# I'm loving these candy colored bags by Furla



## Geek2 (Mar 7, 2011)

All the bright colors are in now and are seeing on the runway by many designers. I ran across these Furla bags and love them! I wish I could get one. I would get the bright pink one if I could.


----------



## internetchick (Mar 7, 2011)

$195 for a PVC bag?!?! Hells no lol!


----------



## Geek2 (Mar 8, 2011)

Wow I didn't see it was made out of PVC. In that case I wouldn't buy it even if I had the money. I do like the bright colors though.


----------



## kikikinzz (Mar 8, 2011)

I ran across these at my local Macy's. To say they caught my eye is an understatement.

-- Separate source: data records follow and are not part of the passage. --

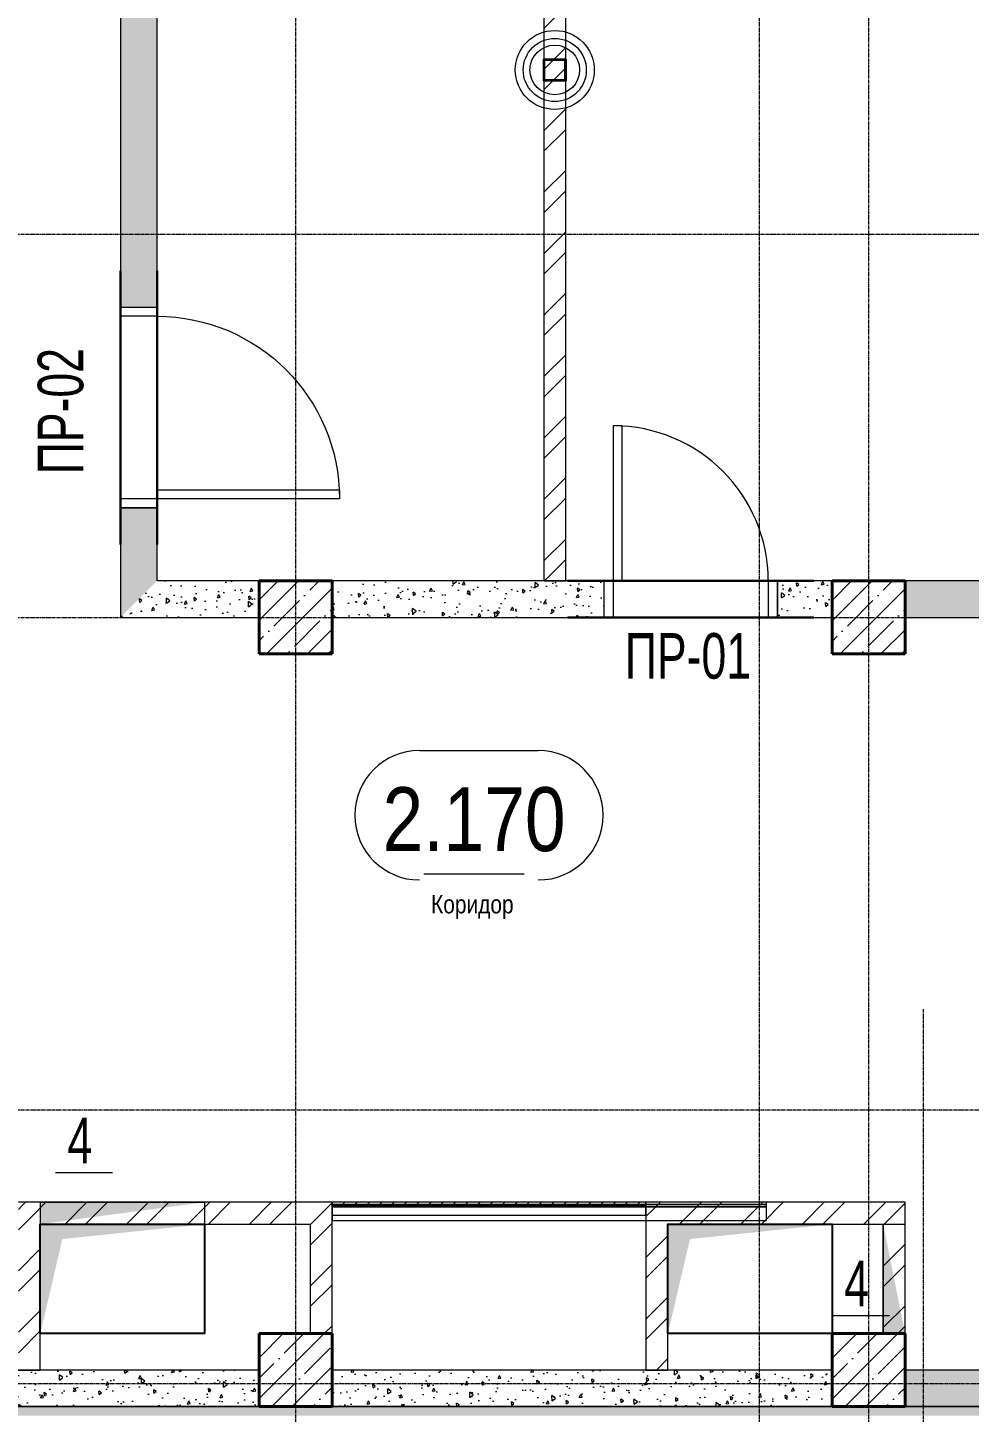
# Model space of a CAD drawing. Header units: millimetres. Extents: x -65509 to 912790, y 446 to 713294.
# Drawn here: x 190686 to 195847, y 195819 to 203407 of the extents above; entities that cross this region are included whole.
import ezdxf
from ezdxf.enums import TextEntityAlignment as Align

# ---------------------------------------------------------------- set-up
doc = ezdxf.new("R2010")
doc.units = ezdxf.units.MM
doc.linetypes.add('CENTER2', pattern=[28.575, 19.05, -3.175, 3.175, -3.175])
doc.linetypes.add('HIDDEN2', pattern=[4.7625, 3.175, -1.5875])
doc.layers.get('Defpoints').update_dxf_attribs({"color": 250})
for name, color, linetype, lineweight in [('АР_Area', 250, 'Continuous', 5), ('АР_Двери', 5, 'Continuous', 9), ('АР_Колонны', 250, 'Continuous', 30), ('АР_Отв. марка', 250, 'Continuous', 9), ('АР_Стены ГКЛ', 250, 'Continuous', 15), ('АР_Стены ЖБ', 250, 'Continuous', 35), ('АР_Стены кирпич', 250, 'Continuous', 20), ('АР_Стены ПЕНОблок', 250, 'Continuous', 20), ('АР_Стены_дефшов', 250, 'Continuous', 0), ('АР_Штриховка', 250, 'Continuous', 0), ('Зашивки ГКЛ на всю высоту', 250, 'Continuous', 25), ('КМ_Фахверки', 250, 'Continuous', 25), ('ОВ_Отверстия', 250, 'Continuous', 5), ('ОВ_Шахты_блок 4.1', 250, 'Continuous', 25), ('РД_Оси_100', 250, 'Continuous', 0)]:
    doc.layers.add(name, color=color, linetype=linetype, lineweight=lineweight)
for name, color, linetype, lineweight, plot in [('АР_Делит', 250, 'Continuous', 0, False), ('РД_Проем', 250, 'Continuous', 0, False), ('РД_проем_инж перемыч_подсчет', 250, 'Continuous', 30, False)]:
    doc.layers.add(name, color=color, linetype=linetype, lineweight=lineweight, plot=plot)
doc.layers.add('РД_Перемычка инж проемов', color=250, linetype='Continuous')
doc.styles.add('Arial0', font='arial.ttf')
doc.styles.add('style1', font='ARIALN.TTF')
doc.styles.add('ккк', font='isocpeur.ttf', dxfattribs={"width": 0.85, "oblique": 15})
pattern_1 = [(45, (142195.16, 127275.07), (-112.2532, 112.2532), []), (45, (142307.41, 127275.07), (-112.2532, 112.2532), [198.4375, -39.6875, 0, -39.6875])]
pattern_2 = [(45, (142195.16, 127275.07), (-168.3798, 168.3798), []), (45, (142307.4, 127275.07), (-168.3798, 168.3798), [])]

# ---------------------------------------------------------------- blocks, each defined once
blk = doc.blocks.new('СОШ_2200_АР_ОСИ_М100_28.05.24')
at = {"layer": 'РД_Оси_100', "linetype": 'CENTER2'}
for p, q in [((49960, -6155), (49960, 139938.679)), ((-5954.958, 75000), (119910, 75000)), ((-5954.958, 72900), (95715.503, 72900))]:
    blk.add_line(p, q, dxfattribs=at)
for points in [[(52500, 139938.679), (52500, -5755), (52358.276, -6155)], [(53100, 139938.679), (53100, -5755), (52949.266, -6155)], [(53400, 70753.904), (53400, -5755), (53550, -6155)], [(119910, 70200), (-5954.958, 70200)], [(95715.503, 68700), (-5454.958, 68700), (-5954.958, 68850)]]:
    blk.add_lwpolyline(points, dxfattribs=at)
blk = doc.blocks.new('otv')
at = {"linetype": 'Continuous'}
blk.add_lwpolyline([(0, -1), (0, 0), (1, 0), (1, -1)], close=True, dxfattribs=at)
blk.add_solid([(0, -1), (0, 0), (0.1346, -0.1366), (1, 0)], dxfattribs=at)
blk = doc.blocks.new('Ф_крпич 120')
at = {"layer": 'АР_Делит', "color": 1}
for radius in [216.3, 173, 136.2]:
    blk.add_circle((60, -60), radius, dxfattribs=at)
at = {"layer": 'КМ_Фахверки'}
blk.add_lwpolyline([(0, 0), (120, 0), (120, -120), (0, -120)], close=True, dxfattribs=at)
at = {"layer": 'КМ_Фахверки', "lineweight": 5}
blk.add_lwpolyline([(6, -6), (114, -6), (114, -114), (6, -114)], close=True, dxfattribs=at)
blk = doc.blocks.new('MOK-МаркаПом_овал_ареал')
for p, q in [((-2.986, 3.764), (3.522, 3.764)), ((-2.75, -3), (2.75, -3))]:
    blk.add_line(p, q)
for centre, radius, start, end in [((-2.986, 0.215), 3.55, 90, 270), ((3.522, 0.215), 3.55, 270, 90), ((-7.411, 0), 7.161, 0, 0.00095)]:
    blk.add_arc(centre, radius, start, end)
at = {"color": 0, "style": 'style1'}
blk.add_attdef('АР-ПОМЕЩЕНИЕ:НОМЕР', text='', height=3, dxfattribs=at).set_placement((0.261, 0), align=Align.MIDDLE)
blk = doc.blocks.new('MOK-МаркаПроема инж.')
blk.add_line((-1.328, -1.754), (1.802, -1.754))
at = {"color": 0, "style": 'Arial0', "width": 0.7}
blk.add_attdef('АР-ПРОЕМ:Коробка', text='', height=2.5, dxfattribs=at).set_placement((0, 0), align=Align.MIDDLE)
blk = doc.blocks.new('MOK-МаркаПеремычки')
at = {"color": 0, "style": 'ккк', "oblique": 15, "width": 0.85}
blk.add_attdef('АР-ПРОЕМ:ПЕРЕМЫЧКА', text='', height=2.5, dxfattribs=at).set_placement((0, 0), align=Align.MIDDLE)

msp = doc.modelspace()

# ---------------------------------------------------------------- hatches: boundary and pattern name
at = {"layer": 'АР_Стены ГКЛ', "linetype": 'Continuous', "lineweight": 0}
h = msp.add_hatch(dxfattribs=at)
h.set_pattern_fill('ANSI31', color=256, scale=15, angle=-360, style=0)
h.set_pattern_definition([(45, (142195.157, 127275.073), (-33.67596, 33.67596), [])])
h.paths.add_polyline_path([(192355.157, 196970.074), (192355.157, 196950.074), (194075.211, 196950.074), (194075.211, 196970.074)], flags=0)
at = {"layer": 'АР_Штриховка', "linetype": 'Continuous', "lineweight": 0}
h = msp.add_hatch(dxfattribs=at)
h.set_pattern_fill('AR-CONC', color=256, angle=-315, style=0)
h.set_pattern_definition([(95, (142195.16, 127275.07), (140.09465, 117.55338), [19.05, -209.55]), (40, (142195.16, 127275.07), (-160.01845, 110.17673), [15.24, -167.6406]), (145.45144, (142206.83, 127284.87), (-19.9238, 227.7301), [16.19, -178.09024]), (91.1842, (142159.24, 127311), (221.41024, 161.9534), [28.575, -314.325]), (141.63556, (142177.7, 127324.5), (-7.0866, 342.82676), [24.285, -267.1356]), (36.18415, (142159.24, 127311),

Naturally, I had to pick up the pink one and giggle it around 




  Let me tell you, it's a real sturdy bag!!!! I was impressed till I saw the price tag.........YIKES


----------



## LivingTheDream (Mar 15, 2011)

I LOVE this bag, 195.00 is cheap in fact thats a great price to me, I MUST have that bag, off to google it!


----------



## moriesnailart (Mar 16, 2011)

It's a little too much money for that type of bag, it's a no no for me.


----------



## jeanarick (Mar 16, 2011)

I bought a really cute bag from Payless Shoes in that shade of pink and I love it.  I watch to see what the trends are and then shop for that "designer look".  Places I've been successful are Payless, Target and Forever 21.


----------



## katana (Mar 16, 2011)

I saw the cutesy bag recently but I turned it away only because it was PVC lined. I always have it tear and get wrecked. The colour is bright and summery.


----------



## reesesilverstar (Mar 17, 2011)

$200 for a pvc bag?

I did the wrong type of design in college... I shoulda done fashion


----------



## Sylean (Mar 27, 2011)

Very cute!


----------